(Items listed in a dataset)
◇ ◇ ◇
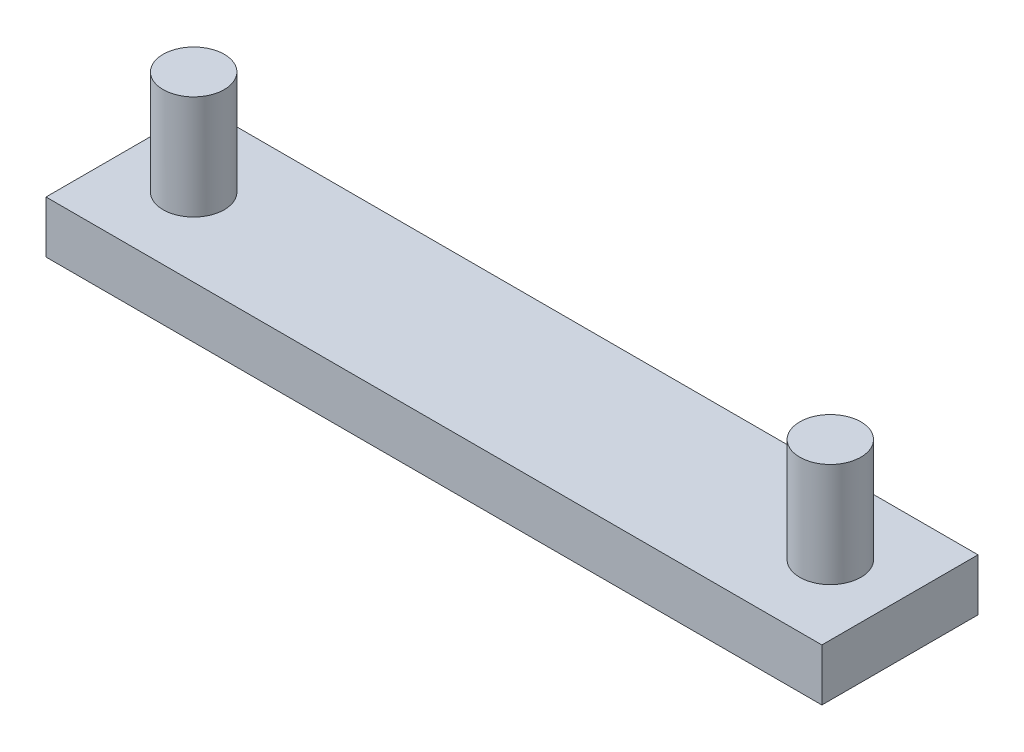
from build123d import *

# Parameters (mm, degrees)
SKETCH1_W           = 757.39
SKETCH1_H           = 152.4
SKETCH1_R           = 29.86
BOSS_EXTRUDE1_DEPTH = 50.8
SKETCH2_R           = 29.86
BOSS_EXTRUDE2_DEPTH = 152.4


with BuildPart() as part:
    # Sketch1 → Boss-Extrude1 (new body)
    with BuildSketch(Plane(origin=(0, 0, 0), x_dir=(1, 0, 0), z_dir=(0, 1, 0))):
        with Locations((-310.735, 0)):
            Rectangle(SKETCH1_W, SKETCH1_H)
        Circle(SKETCH1_R, mode=Mode.SUBTRACT)
        with Locations((-621.47, 0)):
            Circle(SKETCH1_R, mode=Mode.SUBTRACT)
    extrude(amount=BOSS_EXTRUDE1_DEPTH)

    # Sketch2 → Boss-Extrude2 (add)
    with BuildSketch(Plane.XZ):
        Circle(SKETCH2_R)
        with Locations((-621.47, 0)):
            Circle(SKETCH2_R)
    extrude(amount=-BOSS_EXTRUDE2_DEPTH)


solid = part.part
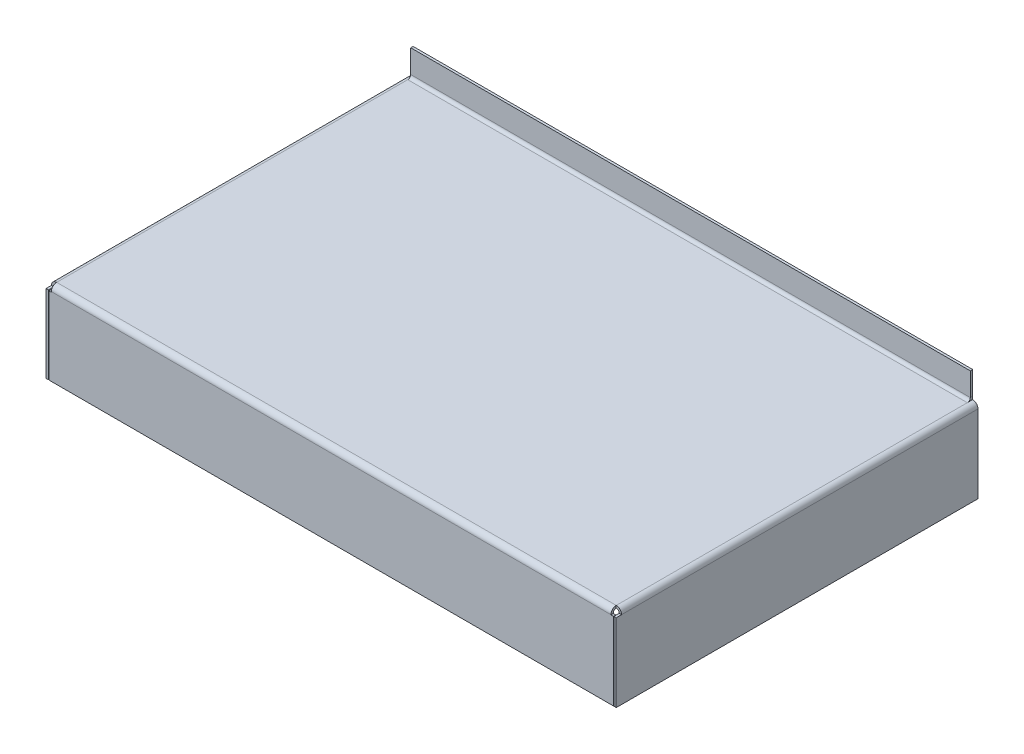
from build123d import *

# Parameters (mm, degrees)
EXTRUDE1_DEPTH               = 150
SHEET_METAL_1_DEPTH          = 150
SHEET_METAL_1_2_DEPTH        = 150
EDGE_FLANGE1_STRIP_W         = 6.5
EDGE_FLANGE1_STRIP_H         = 1
EDGE_FLANGE1_STRIP_CUT_DEPTH = 235.5
EDGE_FLANGE1_DEPTH           = 235.5
SKETCH16_W                   = 1
SKETCH16_H                   = 32.75
EXTRUDE2_DEPTH               = 2.25
EDGE_FLANGE2_DEPTH           = 235.5
EDGE_FLANGE2_START           = 1
EDGE_FLANGE2_FLAT_DEPTH      = 1


# Read off the part's stored shape, not the designer's step: Преобразовать-Твердое тело1
# Sheet-metal steps are written as plain solids
with BuildPart() as part:
    # Sketch1 → Extrude1 (new body)
    with BuildSketch(Plane.XY):
        Polygon((-120, 0), (-120, 35), (120, 35), (120, 0), (119, 0), (119, 34), (-119, 34), (-119, 0), align=None)
    extrude(amount=EXTRUDE1_DEPTH)

    # Sheet Metal 1 outline → Sheet Metal 1 (cut)
    with BuildSketch(Plane.XY):
        with BuildLine():
            Line((120, 35), (117.75, 35))
            ThreePointArc((117.75, 35), (119.340990258, 34.340990258), (120, 32.75))
            Line((120, 32.75), (120, 35))
        make_face()
        with BuildLine():
            ThreePointArc((-120, 32.75), (-119.340990258, 34.340990258), (-117.75, 35))
            Line((-117.75, 35), (-120, 35))
            Line((-120, 35), (-120, 32.75))
        make_face()
    extrude(amount=SHEET_METAL_1_DEPTH, mode=Mode.SUBTRACT)

    # Sheet Metal 1 2 outline → Sheet Metal 1 2 (add)
    with BuildSketch(Plane.XY):
        with BuildLine():
            Line((119, 34), (117.75, 34))
            ThreePointArc((117.75, 34), (118.633883476, 33.633883476), (119, 32.75))
            Line((119, 32.75), (119, 34))
        make_face()
        with BuildLine():
            ThreePointArc((-119, 32.75), (-118.633883476, 33.633883476), (-117.75, 34))
            Line((-117.75, 34), (-119, 34))
            Line((-119, 34), (-119, 32.75))
        make_face()
    extrude(amount=SHEET_METAL_1_2_DEPTH)

    # Edge-Flange1 strip (across the edge) → Edge-Flange1 strip cut (cut)
    with BuildSketch(Plane(origin=(117.75, 35, 0), x_dir=(0, 0, 1), z_dir=(-1, 0, 0))):
        with Locations((-1, -0.5)):
            Rectangle(EDGE_FLANGE1_STRIP_W, EDGE_FLANGE1_STRIP_H)
    extrude(amount=EDGE_FLANGE1_STRIP_CUT_DEPTH, mode=Mode.SUBTRACT)

    # Edge-Flange1 section (across the edge) → Edge-Flange1 (add)
    with BuildSketch(Plane(origin=(117.75, 35, 0), x_dir=(0, 0, 1), z_dir=(-1, 0, 0))):
        with BuildLine():
            Line((0, 1.25), (0, 11))
            Line((0, 11), (1, 11))
            Line((1, 11), (1, 1.25))
            ThreePointArc((1, 1.25), (1.366116524, 0.366116524), (2.25, 0))
            Line((2.25, 0), (2.25, -1))
            ThreePointArc((2.25, -1), (0.659009742, -0.340990258), (0, 1.25))
        make_face()
    extrude(amount=EDGE_FLANGE1_DEPTH)

    # Sketch16 → Extrude2 (add)
    with BuildSketch(Plane.XY.offset(150)):
        with Locations((-119.5, 16.375)):
            Rectangle(SKETCH16_W, SKETCH16_H)
        with Locations((119.5, 16.375)):
            Rectangle(SKETCH16_W, SKETCH16_H)
    extrude(amount=EXTRUDE2_DEPTH)

    # Edge-Flange2 bend section (across the edge) → Edge-Flange2 (add)
    with BuildSketch(Plane(origin=(117.75, 34, 151.25), x_dir=(0, 0, -1), z_dir=(-1, 0, 0))):
        with BuildLine():
            Line((-1, 1.25), (0, 1.25))
            ThreePointArc((0, 1.25), (0.366116524, 0.366116524), (1.25, 0))
            Line((1.25, 0), (1.25, -1))
            ThreePointArc((1.25, -1), (-0.340990258, -0.340990258), (-1, 1.25))
        make_face()
    extrude(amount=EDGE_FLANGE2_DEPTH)

    # Edge-Flange2 profile (on flange) → Edge-Flange2 flat (add)
    with BuildSketch(Plane(origin=(0, 34, 151.25), x_dir=(-1, 0, 0), z_dir=(0, 0, 1)).offset(EDGE_FLANGE2_START)):
        Polygon((-117.75, 1.35), (-117.75, 1.25), (117.75, 1.25), (117.75, 1.5), (118.8, 1.5), (118.8, 34), (-118.8, 34), (-118.8, 1.35), align=None)
    extrude(amount=-EDGE_FLANGE2_FLAT_DEPTH)


solid = part.part
◇ ◇ ◇
EXERCISE PROMPT: Looking at the records above, say how many lines hold the string "across". Write nothing but the number.

SOLUTION FOR THIS PROBLEM: 3